## Work order
A single total is needed, the number of lines of this listing that contain the string "board".

## Data for review
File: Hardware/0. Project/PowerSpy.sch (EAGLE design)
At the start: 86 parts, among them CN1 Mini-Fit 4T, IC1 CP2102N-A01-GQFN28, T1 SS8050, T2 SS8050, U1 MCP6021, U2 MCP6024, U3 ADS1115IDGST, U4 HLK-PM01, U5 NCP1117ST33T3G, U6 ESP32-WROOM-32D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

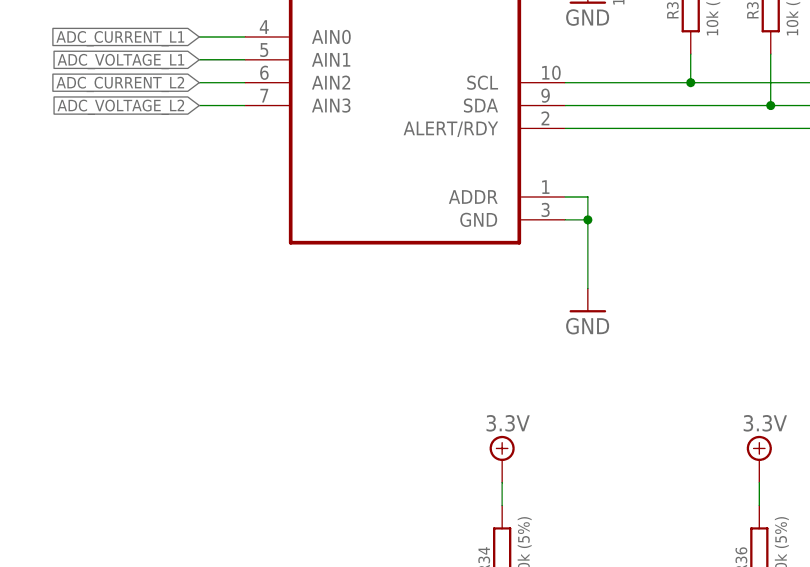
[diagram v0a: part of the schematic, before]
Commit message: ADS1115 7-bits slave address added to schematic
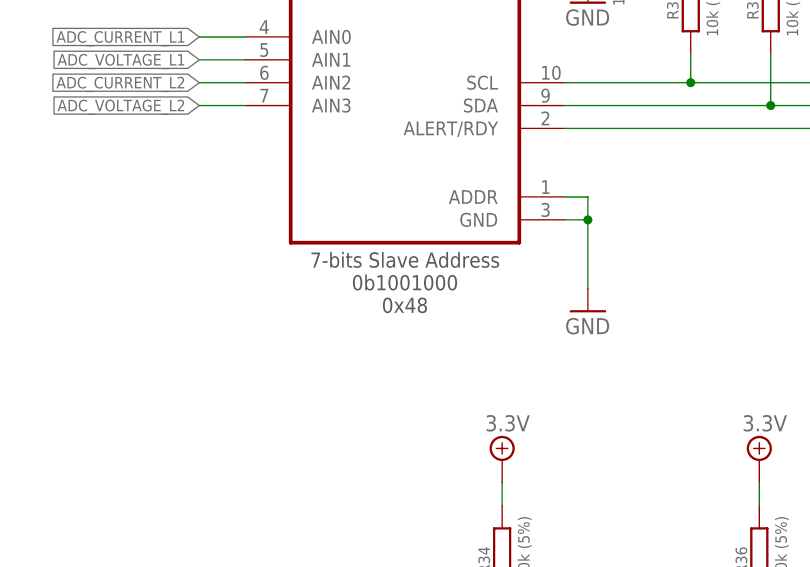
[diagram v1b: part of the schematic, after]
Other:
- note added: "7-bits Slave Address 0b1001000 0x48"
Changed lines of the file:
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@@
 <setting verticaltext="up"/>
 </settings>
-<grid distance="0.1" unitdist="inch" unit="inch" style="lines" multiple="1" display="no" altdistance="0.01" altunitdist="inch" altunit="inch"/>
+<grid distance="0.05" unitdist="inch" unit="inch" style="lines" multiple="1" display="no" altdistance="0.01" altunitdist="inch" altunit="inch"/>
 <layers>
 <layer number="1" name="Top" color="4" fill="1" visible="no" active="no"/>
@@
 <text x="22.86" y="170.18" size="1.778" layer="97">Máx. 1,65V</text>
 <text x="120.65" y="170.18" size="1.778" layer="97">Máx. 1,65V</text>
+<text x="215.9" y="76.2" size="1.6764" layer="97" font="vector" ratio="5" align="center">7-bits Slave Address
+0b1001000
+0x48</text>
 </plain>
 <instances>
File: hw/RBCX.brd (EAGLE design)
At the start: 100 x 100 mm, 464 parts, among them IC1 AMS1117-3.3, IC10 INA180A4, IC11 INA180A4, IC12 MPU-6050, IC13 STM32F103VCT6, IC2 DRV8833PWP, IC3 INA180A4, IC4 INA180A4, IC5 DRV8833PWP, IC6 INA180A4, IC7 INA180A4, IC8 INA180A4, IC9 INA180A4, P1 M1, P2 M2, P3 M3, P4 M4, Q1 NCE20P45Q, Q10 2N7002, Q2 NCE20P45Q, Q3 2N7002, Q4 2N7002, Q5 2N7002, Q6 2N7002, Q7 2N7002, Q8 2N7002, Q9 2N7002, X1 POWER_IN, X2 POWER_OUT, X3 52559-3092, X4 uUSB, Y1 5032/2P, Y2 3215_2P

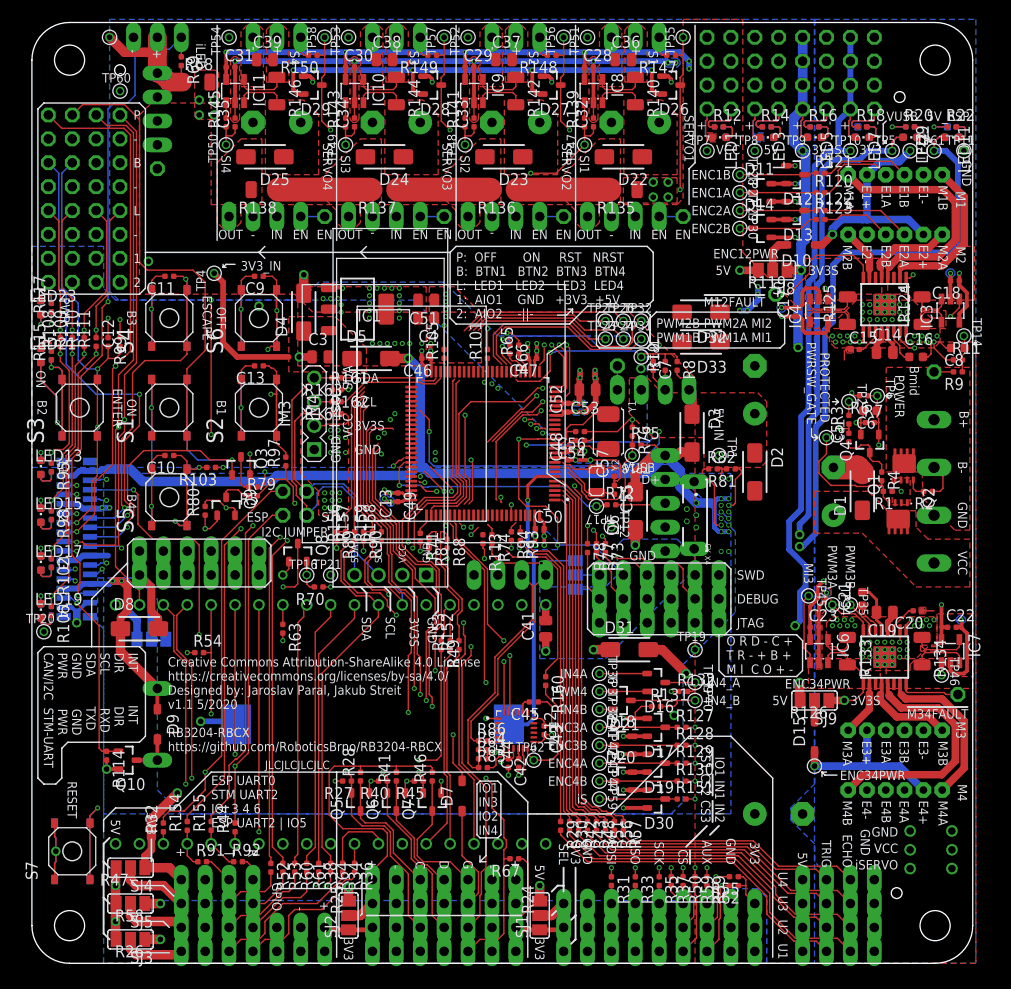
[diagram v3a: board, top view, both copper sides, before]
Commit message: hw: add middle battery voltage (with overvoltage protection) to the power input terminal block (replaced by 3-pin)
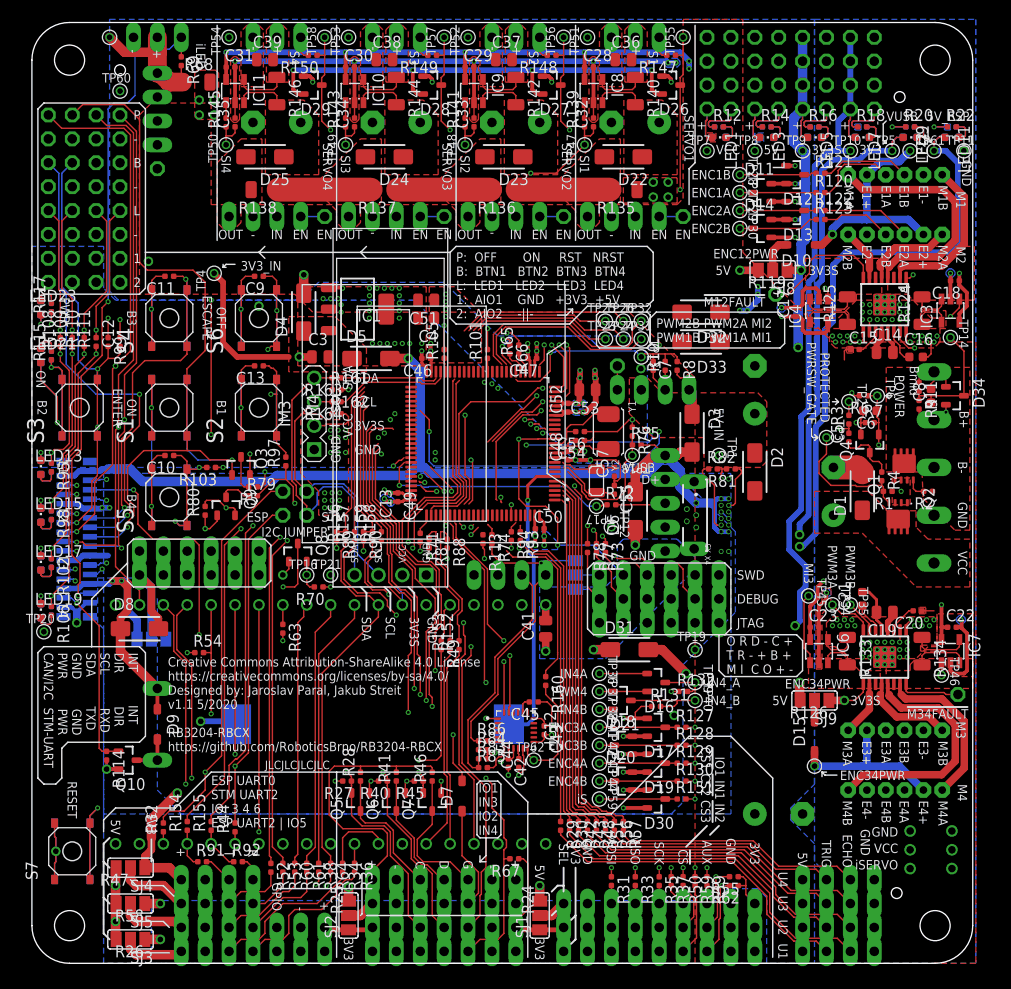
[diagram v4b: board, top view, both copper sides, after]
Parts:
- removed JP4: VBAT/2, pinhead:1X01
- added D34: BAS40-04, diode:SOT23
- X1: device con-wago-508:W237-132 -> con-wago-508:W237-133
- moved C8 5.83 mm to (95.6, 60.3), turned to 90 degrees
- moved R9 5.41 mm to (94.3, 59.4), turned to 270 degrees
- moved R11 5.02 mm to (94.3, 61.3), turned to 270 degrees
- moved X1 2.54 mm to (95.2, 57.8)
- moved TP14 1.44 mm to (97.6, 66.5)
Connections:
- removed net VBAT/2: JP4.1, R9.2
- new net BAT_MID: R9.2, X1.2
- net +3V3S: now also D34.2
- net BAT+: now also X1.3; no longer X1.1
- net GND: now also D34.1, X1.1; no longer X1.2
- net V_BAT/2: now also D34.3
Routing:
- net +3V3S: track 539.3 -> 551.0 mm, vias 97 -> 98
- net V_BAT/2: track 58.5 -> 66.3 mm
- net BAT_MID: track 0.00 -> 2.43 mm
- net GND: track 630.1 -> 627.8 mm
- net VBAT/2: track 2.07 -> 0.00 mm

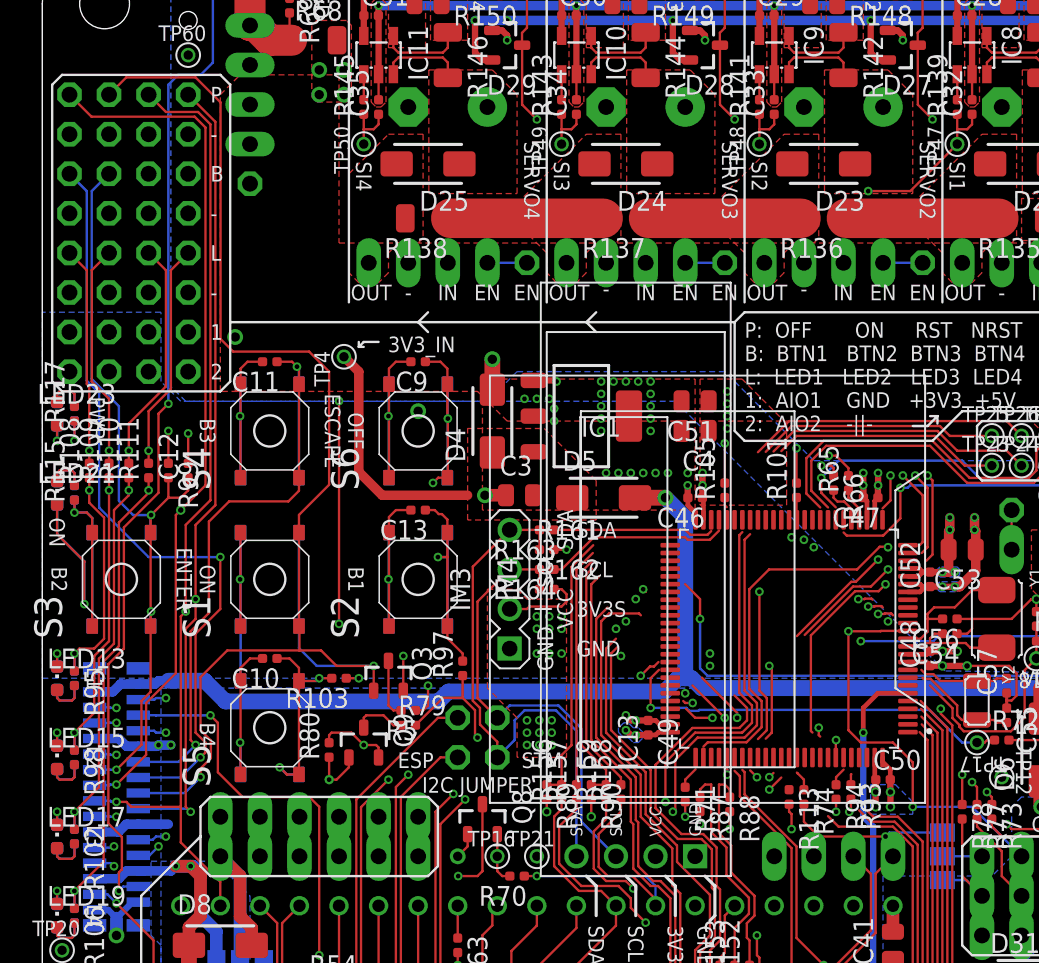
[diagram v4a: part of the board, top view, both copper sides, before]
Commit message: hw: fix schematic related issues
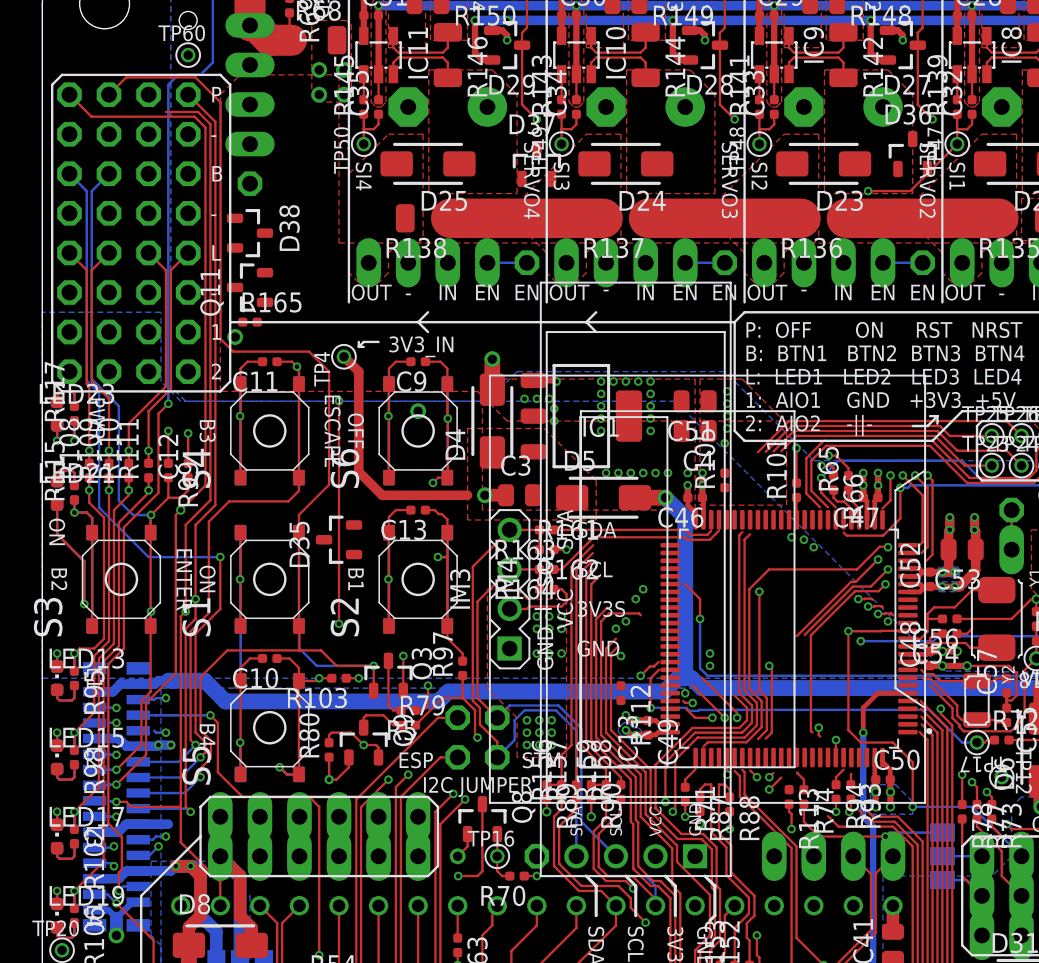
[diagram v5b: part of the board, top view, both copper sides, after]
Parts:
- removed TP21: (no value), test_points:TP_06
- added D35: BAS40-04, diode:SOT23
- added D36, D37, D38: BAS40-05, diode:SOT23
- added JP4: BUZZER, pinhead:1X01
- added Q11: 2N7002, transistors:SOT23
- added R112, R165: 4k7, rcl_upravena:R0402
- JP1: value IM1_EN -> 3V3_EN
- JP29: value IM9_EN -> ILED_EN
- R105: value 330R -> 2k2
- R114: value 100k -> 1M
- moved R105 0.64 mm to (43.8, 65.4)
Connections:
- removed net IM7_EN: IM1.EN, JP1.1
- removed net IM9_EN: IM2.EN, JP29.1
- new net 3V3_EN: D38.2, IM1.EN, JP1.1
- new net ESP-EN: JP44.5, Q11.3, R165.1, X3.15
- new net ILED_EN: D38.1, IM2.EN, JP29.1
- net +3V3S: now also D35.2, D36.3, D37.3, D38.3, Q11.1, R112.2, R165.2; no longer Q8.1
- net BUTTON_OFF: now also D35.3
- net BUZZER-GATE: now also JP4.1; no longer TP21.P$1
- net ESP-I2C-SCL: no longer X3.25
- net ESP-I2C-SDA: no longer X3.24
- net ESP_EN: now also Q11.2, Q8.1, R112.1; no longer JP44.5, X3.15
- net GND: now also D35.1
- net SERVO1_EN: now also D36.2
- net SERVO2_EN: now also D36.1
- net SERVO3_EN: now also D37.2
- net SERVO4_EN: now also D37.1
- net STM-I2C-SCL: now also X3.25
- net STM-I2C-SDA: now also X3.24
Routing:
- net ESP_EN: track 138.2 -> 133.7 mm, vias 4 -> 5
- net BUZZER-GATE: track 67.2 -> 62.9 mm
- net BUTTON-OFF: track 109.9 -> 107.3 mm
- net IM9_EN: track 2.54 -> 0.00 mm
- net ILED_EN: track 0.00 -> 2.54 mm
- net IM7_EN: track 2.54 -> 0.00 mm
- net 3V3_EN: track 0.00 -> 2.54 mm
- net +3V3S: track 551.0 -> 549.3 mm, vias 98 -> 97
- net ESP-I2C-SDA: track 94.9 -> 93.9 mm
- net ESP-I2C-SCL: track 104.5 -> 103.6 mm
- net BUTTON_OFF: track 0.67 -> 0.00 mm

## Response area
4